First, the court determines whether there is clear and convincing evidence of parental misconduct or inability. Second, the court considers whether termination is in the best interest of the child. The standard for appellate review of a termination of parental rights is whether a rational trier of fact could have found by clear and convincing evidence that the natural parent's rights had been lost.
(Citations and punctuation omitted.) In the Interest of D.I.W., 215 Ga.App. 644, 645(1), 451 S.E.2d 804 (1994).
Parental misconduct or inability is determined upon the findings that the child is deprived; that the deprivation is the result of a lack of proper parental care or control; that the child's condition as deprived is likely to continue or will not be remedied; and that a continuing deprivation is likely to cause serious physical, mental, emotional or moral harm to the child. OCGA § 15-11-94(b)(4)(A). The physical, mental, or emotional neglect of a child, past or present, is among the factors relevant to a child as lacking proper parental control. OCGA § 15-11-94(b)(4)(B)(v).
The appellant's argument to the contrary notwithstanding, the status of the child as deprived has been established by his failure to appeal such determinations. See In the Interest of B.P., 207 Ga.App. 242, 244, 427 S.E.2d 593 (1993) (unappealed deprivation determination binding on appeal). The evidence presented showed that the appellant was incarcerated on a near continuous basis for writing bad checks in the three years that preceded the June 1998 termination hearing. While at the termination hearing below the appellant conceded that he has not been a good parent, he does not directly acknowledge on record that his time in confinement adversely affected the children. It is well settled that incarceration alone need not always require the termination of parental rights; however, incarceration will support such a ruling in the presence of sufficient aggravating circumstances.
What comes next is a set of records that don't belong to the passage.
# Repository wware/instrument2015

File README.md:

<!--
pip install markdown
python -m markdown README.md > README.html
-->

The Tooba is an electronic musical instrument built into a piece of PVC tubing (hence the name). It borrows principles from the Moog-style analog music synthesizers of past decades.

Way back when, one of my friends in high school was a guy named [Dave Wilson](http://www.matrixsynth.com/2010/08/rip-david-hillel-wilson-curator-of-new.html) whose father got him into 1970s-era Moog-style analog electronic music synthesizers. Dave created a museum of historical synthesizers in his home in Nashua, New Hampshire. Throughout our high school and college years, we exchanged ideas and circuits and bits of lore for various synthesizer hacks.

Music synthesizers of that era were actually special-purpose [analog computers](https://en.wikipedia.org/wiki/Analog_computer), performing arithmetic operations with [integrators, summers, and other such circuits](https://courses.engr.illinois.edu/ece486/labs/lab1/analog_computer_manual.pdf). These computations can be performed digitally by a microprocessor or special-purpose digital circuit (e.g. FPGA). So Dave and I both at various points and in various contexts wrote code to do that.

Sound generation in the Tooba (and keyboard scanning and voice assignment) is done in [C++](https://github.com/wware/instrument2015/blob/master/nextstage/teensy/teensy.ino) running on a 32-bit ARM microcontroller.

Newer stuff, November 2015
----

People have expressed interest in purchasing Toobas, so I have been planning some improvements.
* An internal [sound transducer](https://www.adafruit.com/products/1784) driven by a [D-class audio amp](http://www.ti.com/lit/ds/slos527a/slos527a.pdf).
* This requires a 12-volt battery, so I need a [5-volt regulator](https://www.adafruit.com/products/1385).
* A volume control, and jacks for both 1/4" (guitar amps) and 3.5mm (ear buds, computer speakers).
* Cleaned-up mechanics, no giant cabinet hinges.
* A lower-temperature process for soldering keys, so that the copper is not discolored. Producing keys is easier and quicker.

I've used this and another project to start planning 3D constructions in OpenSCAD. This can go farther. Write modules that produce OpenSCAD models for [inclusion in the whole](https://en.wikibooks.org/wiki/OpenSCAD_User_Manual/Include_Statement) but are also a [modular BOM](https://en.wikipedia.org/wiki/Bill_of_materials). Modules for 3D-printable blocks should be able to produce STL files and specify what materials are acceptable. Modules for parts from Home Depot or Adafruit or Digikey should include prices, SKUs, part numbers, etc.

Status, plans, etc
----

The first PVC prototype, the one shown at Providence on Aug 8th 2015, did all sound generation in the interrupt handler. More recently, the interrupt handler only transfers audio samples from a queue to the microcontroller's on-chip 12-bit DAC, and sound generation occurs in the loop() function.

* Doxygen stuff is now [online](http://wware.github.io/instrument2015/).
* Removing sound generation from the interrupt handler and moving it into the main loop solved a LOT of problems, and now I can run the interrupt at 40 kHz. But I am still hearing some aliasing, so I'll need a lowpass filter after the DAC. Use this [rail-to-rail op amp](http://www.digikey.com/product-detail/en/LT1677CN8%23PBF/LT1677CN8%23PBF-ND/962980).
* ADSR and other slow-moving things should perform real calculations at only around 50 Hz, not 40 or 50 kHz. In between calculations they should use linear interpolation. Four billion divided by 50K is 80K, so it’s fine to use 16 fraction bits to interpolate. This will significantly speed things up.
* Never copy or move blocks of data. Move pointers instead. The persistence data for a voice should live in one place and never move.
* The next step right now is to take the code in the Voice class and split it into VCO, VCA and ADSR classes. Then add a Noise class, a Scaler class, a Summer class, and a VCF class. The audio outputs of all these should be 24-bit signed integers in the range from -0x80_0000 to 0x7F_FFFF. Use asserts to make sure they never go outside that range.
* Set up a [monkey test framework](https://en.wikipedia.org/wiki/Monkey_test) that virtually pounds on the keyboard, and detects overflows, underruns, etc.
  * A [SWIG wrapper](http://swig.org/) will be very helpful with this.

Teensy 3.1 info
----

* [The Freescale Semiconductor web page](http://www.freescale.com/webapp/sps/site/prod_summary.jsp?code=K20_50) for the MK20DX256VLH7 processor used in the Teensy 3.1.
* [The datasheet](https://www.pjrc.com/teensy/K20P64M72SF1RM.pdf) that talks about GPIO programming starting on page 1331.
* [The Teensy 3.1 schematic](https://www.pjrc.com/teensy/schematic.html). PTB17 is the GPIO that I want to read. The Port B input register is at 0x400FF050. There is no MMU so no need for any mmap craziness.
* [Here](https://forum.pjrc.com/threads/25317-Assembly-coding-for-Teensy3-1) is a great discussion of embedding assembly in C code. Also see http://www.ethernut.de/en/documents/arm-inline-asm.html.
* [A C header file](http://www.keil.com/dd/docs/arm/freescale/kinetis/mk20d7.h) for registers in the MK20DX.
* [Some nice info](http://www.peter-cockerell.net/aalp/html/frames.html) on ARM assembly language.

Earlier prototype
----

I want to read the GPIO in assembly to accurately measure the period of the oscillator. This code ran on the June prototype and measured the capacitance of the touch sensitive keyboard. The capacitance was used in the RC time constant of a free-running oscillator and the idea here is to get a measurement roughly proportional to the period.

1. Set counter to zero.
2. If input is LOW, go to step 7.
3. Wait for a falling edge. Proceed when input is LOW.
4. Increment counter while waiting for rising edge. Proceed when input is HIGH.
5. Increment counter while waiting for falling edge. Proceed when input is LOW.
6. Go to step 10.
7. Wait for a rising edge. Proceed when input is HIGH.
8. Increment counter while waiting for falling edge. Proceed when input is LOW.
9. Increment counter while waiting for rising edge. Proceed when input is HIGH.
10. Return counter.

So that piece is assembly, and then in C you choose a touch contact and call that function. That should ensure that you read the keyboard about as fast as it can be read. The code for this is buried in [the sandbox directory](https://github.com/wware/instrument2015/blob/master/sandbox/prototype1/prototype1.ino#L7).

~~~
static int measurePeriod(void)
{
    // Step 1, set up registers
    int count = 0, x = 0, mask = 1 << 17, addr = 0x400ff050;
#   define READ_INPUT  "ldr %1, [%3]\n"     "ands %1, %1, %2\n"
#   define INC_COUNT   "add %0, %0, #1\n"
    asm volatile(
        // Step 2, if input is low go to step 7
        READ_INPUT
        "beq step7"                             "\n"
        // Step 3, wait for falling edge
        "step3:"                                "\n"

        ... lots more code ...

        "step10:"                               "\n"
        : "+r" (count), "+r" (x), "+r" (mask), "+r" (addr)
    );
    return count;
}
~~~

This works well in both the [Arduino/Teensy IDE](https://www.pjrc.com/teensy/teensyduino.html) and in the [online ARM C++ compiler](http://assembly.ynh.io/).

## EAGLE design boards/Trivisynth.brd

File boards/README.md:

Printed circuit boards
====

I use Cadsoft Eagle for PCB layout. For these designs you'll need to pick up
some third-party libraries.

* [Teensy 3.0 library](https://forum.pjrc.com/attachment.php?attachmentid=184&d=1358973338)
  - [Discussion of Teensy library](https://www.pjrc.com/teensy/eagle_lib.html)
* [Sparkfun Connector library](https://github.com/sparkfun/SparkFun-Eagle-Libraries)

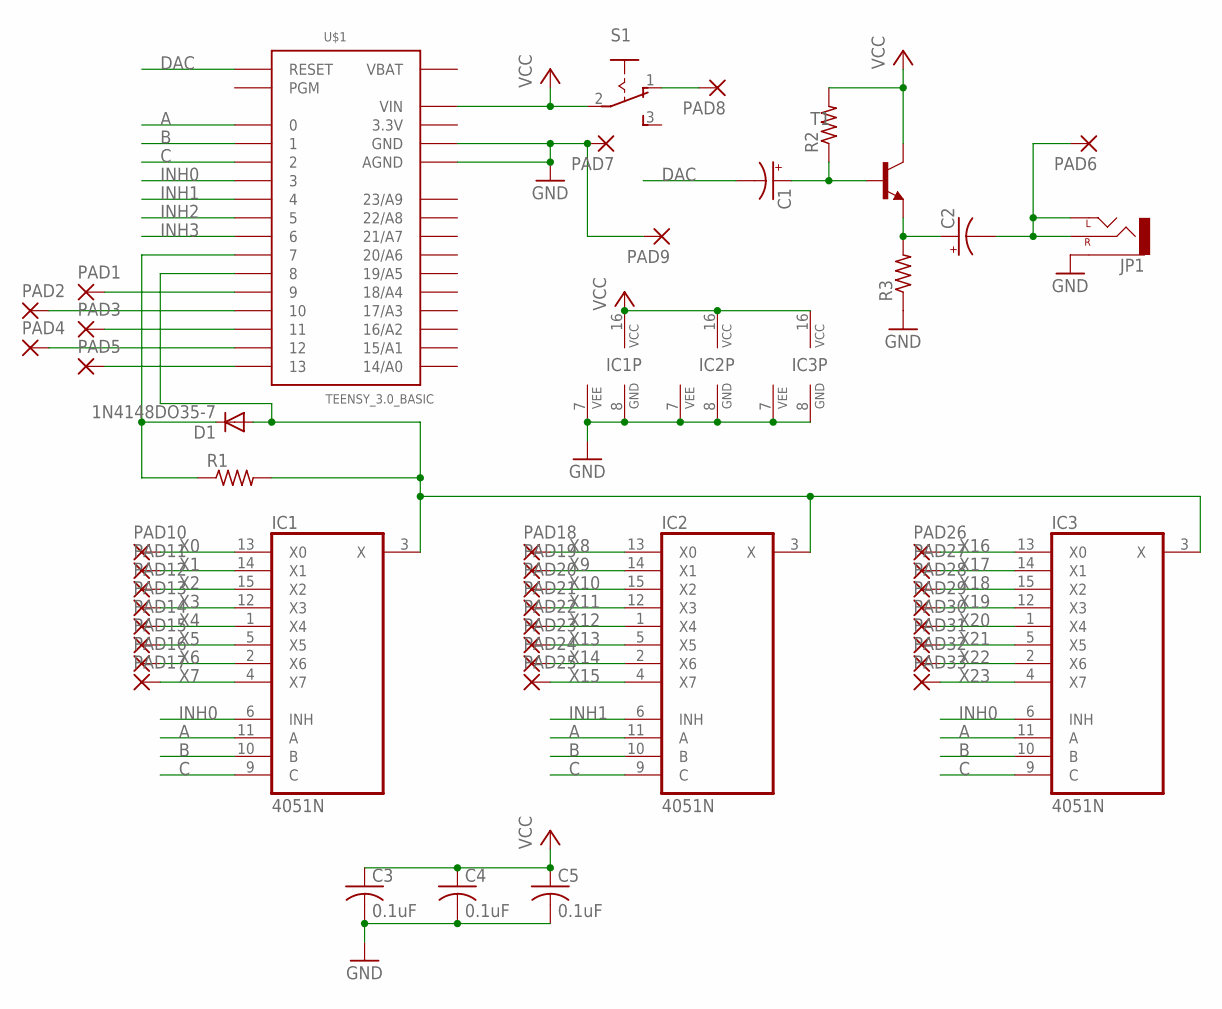
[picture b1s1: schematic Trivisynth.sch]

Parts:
C1, C2: CPOL-USE2-5; E2-5
C3, C4, C5: 0.1uF; C025-025X050
D1: 1N4148DO35-7; DO35-7
IC1, IC2, IC3: 4051N; DIL16
JP1: AUDIO-JACKPTH; AUDIO-JACK
PAD1, PAD2, PAD3, PAD4, PAD5, PAD6, PAD7, PAD8, PAD9, PAD10, PAD11, PAD12, PAD13, PAD14, PAD15, PAD16, PAD17, PAD18, PAD19, PAD20, PAD21, PAD22, PAD23, PAD24, PAD25, PAD26, PAD27, PAD28, PAD29, PAD30, PAD31, PAD32, PAD33: 2,15/1,0
R1, R2, R3: R-US_0207/10; 0207/10
S1: 255SB
T1: -NPN-TO92-EBC; TO92-EBC
U$1: TEENSY_3.0_BASIC

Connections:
3.3V: U$1.3.3V, U$1.3.3V1 (3.3V)
A: IC1.11 (A), IC2.11 (A), IC3.11 (A), U$1.0
B: IC1.10 (B), IC2.10 (B), IC3.10 (B), U$1.1
C: IC1.9 (C), IC2.9 (C), IC3.9 (C), U$1.2
DAC: C1.-, U$1.RESET
GND: C3.2, C4.2, C5.2, IC1.7 (VEE), IC1.8 (GND), IC2.7 (VEE), IC2.8 (GND), IC3.7 (VEE), IC3.8 (GND), JP1.SLEEVE, PAD7.1, PAD9.1, R3.1, U$1.AGND, U$1.GND, U$1.GND1 (GND)
INH0: IC1.6 (INH), IC3.6 (INH), U$1.3
INH1: IC2.6 (INH), U$1.4
INH2: U$1.5
INH3: U$1.6
unnamed: PAD8.1, S1.1 (O)
unnamed: D1.A, IC1.3 (X), IC2.3 (X), IC3.3 (X), R1.2, U$1.8
unnamed: C1.+, R2.1, T1.B
unnamed: C2.+, R3.2, T1.E
unnamed: D1.C, R1.1, U$1.7
unnamed: C2.-, JP1.RING (RIGHT), JP1.TIP (LEFT), PAD6.1
unnamed: PAD1.1, U$1.9
unnamed: PAD2.1, U$1.10
unnamed: PAD3.1, U$1.11
unnamed: PAD4.1, U$1.12
unnamed: PAD5.1, U$1.13
VBAT: U$1.VBAT
VCC: C3.1, C4.1, C5.1, IC1.16 (VCC), IC2.16 (VCC), IC3.16 (VCC), R2.2, S1.2, T1.C, U$1.VIN
X0: IC1.13 (X0), PAD10.1
X1: IC1.14 (X1), PAD11.1
X2: IC1.15 (X2), PAD12.1
X3: IC1.12 (X3), PAD13.1
X4: IC1.1 (X4), PAD14.1
X5: IC1.5 (X5), PAD15.1
X6: IC1.2 (X6), PAD16.1
X7: IC1.4 (X7), PAD17.1
X8: IC2.13 (X0), PAD18.1
X9: IC2.14 (X1), PAD19.1
X10: IC2.15 (X2), PAD20.1
X11: IC2.12 (X3), PAD21.1
X12: IC2.1 (X4), PAD22.1
X13: IC2.5 (X5), PAD23.1
X14: IC2.2 (X6), PAD24.1
X15: IC2.4 (X7), PAD25.1
X16: IC3.13 (X0), PAD26.1
X17: IC3.14 (X1), PAD27.1
X18: IC3.15 (X2), PAD28.1
X19: IC3.12 (X3), PAD29.1
X20: IC3.1 (X4), PAD30.1
X21: IC3.5 (X5), PAD31.1
X22: IC3.2 (X6), PAD32.1
X23: IC3.4 (X7), PAD33.1

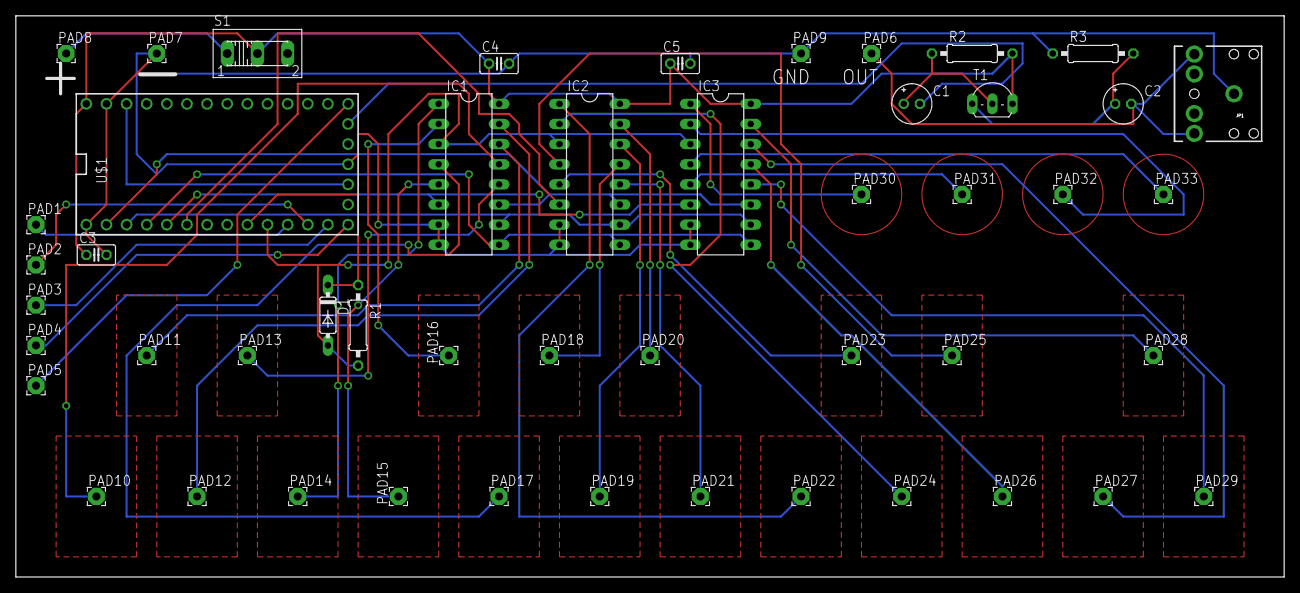
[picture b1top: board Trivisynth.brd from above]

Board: 2 copper layers, 160.0 x 70.8 mm, 49 parts (0 on the bottom side), 44 nets.

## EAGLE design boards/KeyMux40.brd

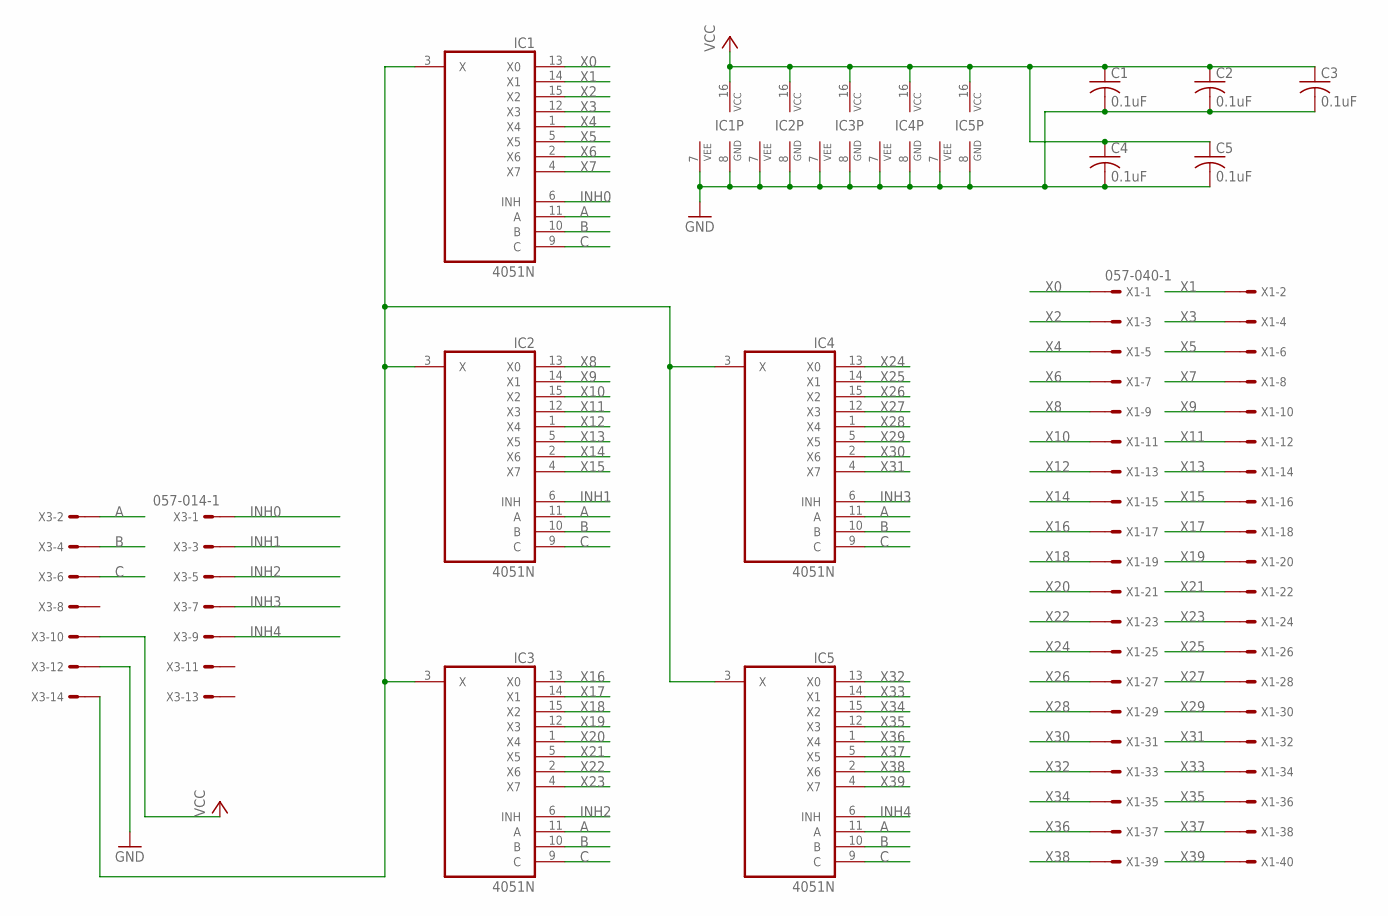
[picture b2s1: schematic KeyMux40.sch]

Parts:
C1, C2, C3, C4, C5: 0.1uF; C025-025X050
IC1, IC2, IC3, IC4, IC5: 4051N; DIL16
X1: 057-040-1
X3: 057-014-1

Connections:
A: IC1.11 (A), IC2.11 (A), IC3.11 (A), IC4.11 (A), IC5.11 (A), X3.2
B: IC1.10 (B), IC2.10 (B), IC3.10 (B), IC4.10 (B), IC5.10 (B), X3.4
C: IC1.9 (C), IC2.9 (C), IC3.9 (C), IC4.9 (C), IC5.9 (C), X3.6
GND: C1.2, C2.2, C3.2, C4.2, C5.2, IC1.7 (VEE), IC1.8 (GND), IC2.7 (VEE), IC2.8 (GND), IC3.7 (VEE), IC3.8 (GND), IC4.7 (VEE), IC4.8 (GND), IC5.7 (VEE), IC5.8 (GND), X3.12
INH0: IC1.6 (INH), X3.1
INH1: IC2.6 (INH), X3.3
INH2: IC3.6 (INH), X3.5
INH3: IC4.6 (INH), X3.7
INH4: IC5.6 (INH), X3.9
unnamed: IC1.3 (X), IC2.3 (X), IC3.3 (X), IC4.3 (X), IC5.3 (X), X3.14
VCC: C1.1, C2.1, C3.1, C4.1, C5.1, IC1.16 (VCC), IC2.16 (VCC), IC3.16 (VCC), IC4.16 (VCC), IC5.16 (VCC), X3.10
X0: IC1.13 (X0), X1.1
X1: IC1.14 (X1), X1.2
X2: IC1.15 (X2), X1.3
X3: IC1.12 (X3), X1.4
X4: IC1.1 (X4), X1.5
X5: IC1.5 (X5), X1.6
X6: IC1.2 (X6), X1.7
X7: IC1.4 (X7), X1.8
X8: IC2.13 (X0), X1.9
X9: IC2.14 (X1), X1.10
X10: IC2.15 (X2), X1.11
X11: IC2.12 (X3), X1.12
X12: IC2.1 (X4), X1.13
X13: IC2.5 (X5), X1.14
X14: IC2.2 (X6), X1.15
X15: IC2.4 (X7), X1.16
X16: IC3.13 (X0), X1.17
X17: IC3.14 (X1), X1.18
X18: IC3.15 (X2), X1.19
X19: IC3.12 (X3), X1.20
X20: IC3.1 (X4), X1.21
X21: IC3.5 (X5), X1.22
X22: IC3.2 (X6), X1.23
X23: IC3.4 (X7), X1.24
X24: IC4.13 (X0), X1.25
X25: IC4.14 (X1), X1.26
X26: IC4.15 (X2), X1.27
X27: IC4.12 (X3), X1.28
X28: IC4.1 (X4), X1.29
X29: IC4.5 (X5), X1.30
X30: IC4.2 (X6), X1.31
X31: IC4.4 (X7), X1.32
X32: IC5.13 (X0), X1.33
X33: IC5.14 (X1), X1.34
X34: IC5.15 (X2), X1.35
X35: IC5.12 (X3), X1.36
X36: IC5.1 (X4), X1.37
X37: IC5.5 (X5), X1.38
X38: IC5.2 (X6), X1.39
X39: IC5.4 (X7), X1.40

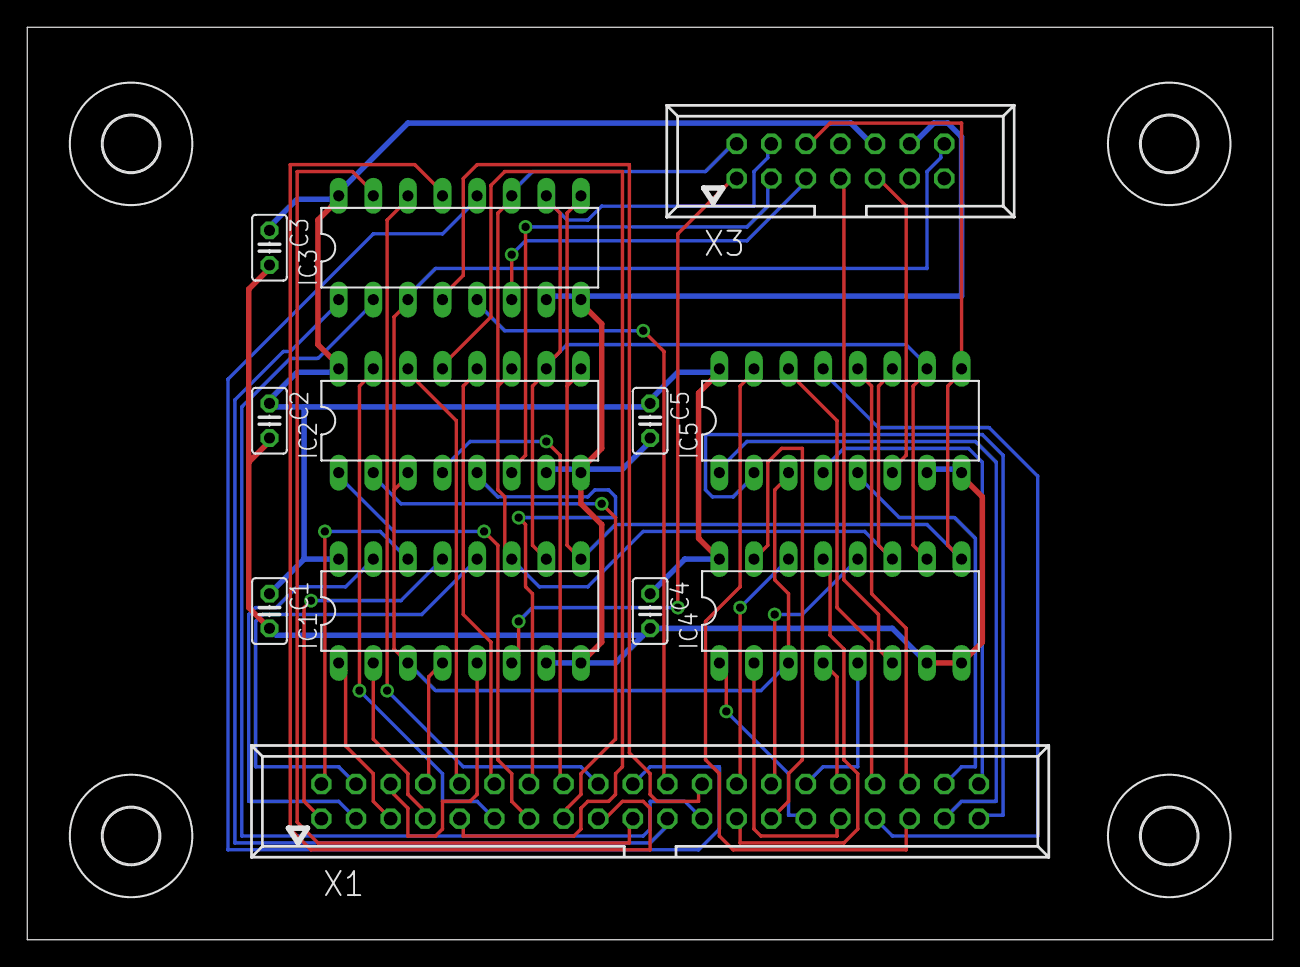
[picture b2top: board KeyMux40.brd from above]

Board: 2 copper layers, 91.4 x 67.0 mm, 16 parts (0 on the bottom side), 51 nets.

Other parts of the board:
U$1, U$2, U$3, U$4: 4,1

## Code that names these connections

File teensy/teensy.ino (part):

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    CELLO, CHOIR_AAHS, TRUMPET, FLUTE
};

#define INH0  2
#define INH1  14
#define INH2  7
#define INH3  8
#define INH4  6

uint32_t inhibits[] = {INH0, INH1, INH2, INH3, INH4};

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
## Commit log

2015-07-19 Initial commit, empty README.md
2015-07-26 Initial prototype, RPi as sound generator
2015-07-27 Scrap the RPi, run everything on the Teensy
2015-07-27 Set up sandbox, hack interrupt handlers, ARM assembly
2015-07-30 Arduino compiler warning nitpick
2015-07-30 multiple voices
2015-07-30 exponential attack
2015-08-08 Use correct constant for attack exponential
2015-08-08 hexagon pattern
2015-08-08 Discrete time 2nd order filter without z transforms
2015-08-08 lower sampling frequency, more voices
2015-08-08 Hardware debug, assembly language, GPIOs, etc
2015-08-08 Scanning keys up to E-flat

In the Interest of L.F., 203 Ga.App. 522, 417 S.E.2d 344 (1992). "[R]epetitive incarcerations for the commission of criminal offenses ... constitute[ ] an additional factor which may be considered in determining whether the child presently is without the proper parental care and control of the offending parent, and that such is likely to continue." (Citations, punctuation and emphasis omitted.) In the Interest of D.A.P., 234 Ga.App. 257, 259(2), 506 S.E.2d 438 (1998). We conclude that appellant's almost continuous incarceration and the fact that he remained incarcerated through the termination hearing constitute an aggravating circumstance in this case.
Further, the testimony of a licensed psychologist established that both the children had been "incredibly traumatized" by the appellant's violence toward the mother in their presence when very young.[3] Asked if she could recommend that the appellant be permitted any contact with K.S. in the future, the psychologist opined, "[A]ny contact with him or even the mention of his name is not going to be good for [K. S.]"[4] The psychologist had earlier testified that "with [K. S.], just the mention of the mother's name brings back such traumatic memories about [the appellant] that she can't stop shaking at school."
The psychologist otherwise testified that K.S. remained angry with the appellant for memories of the appellant "leaving [the children] locked up for hours uncared for" during times of the mother's absence before the parents' divorce. The appellant conceded only that there had been occasions *444 when he had locked the children behind a baby gate.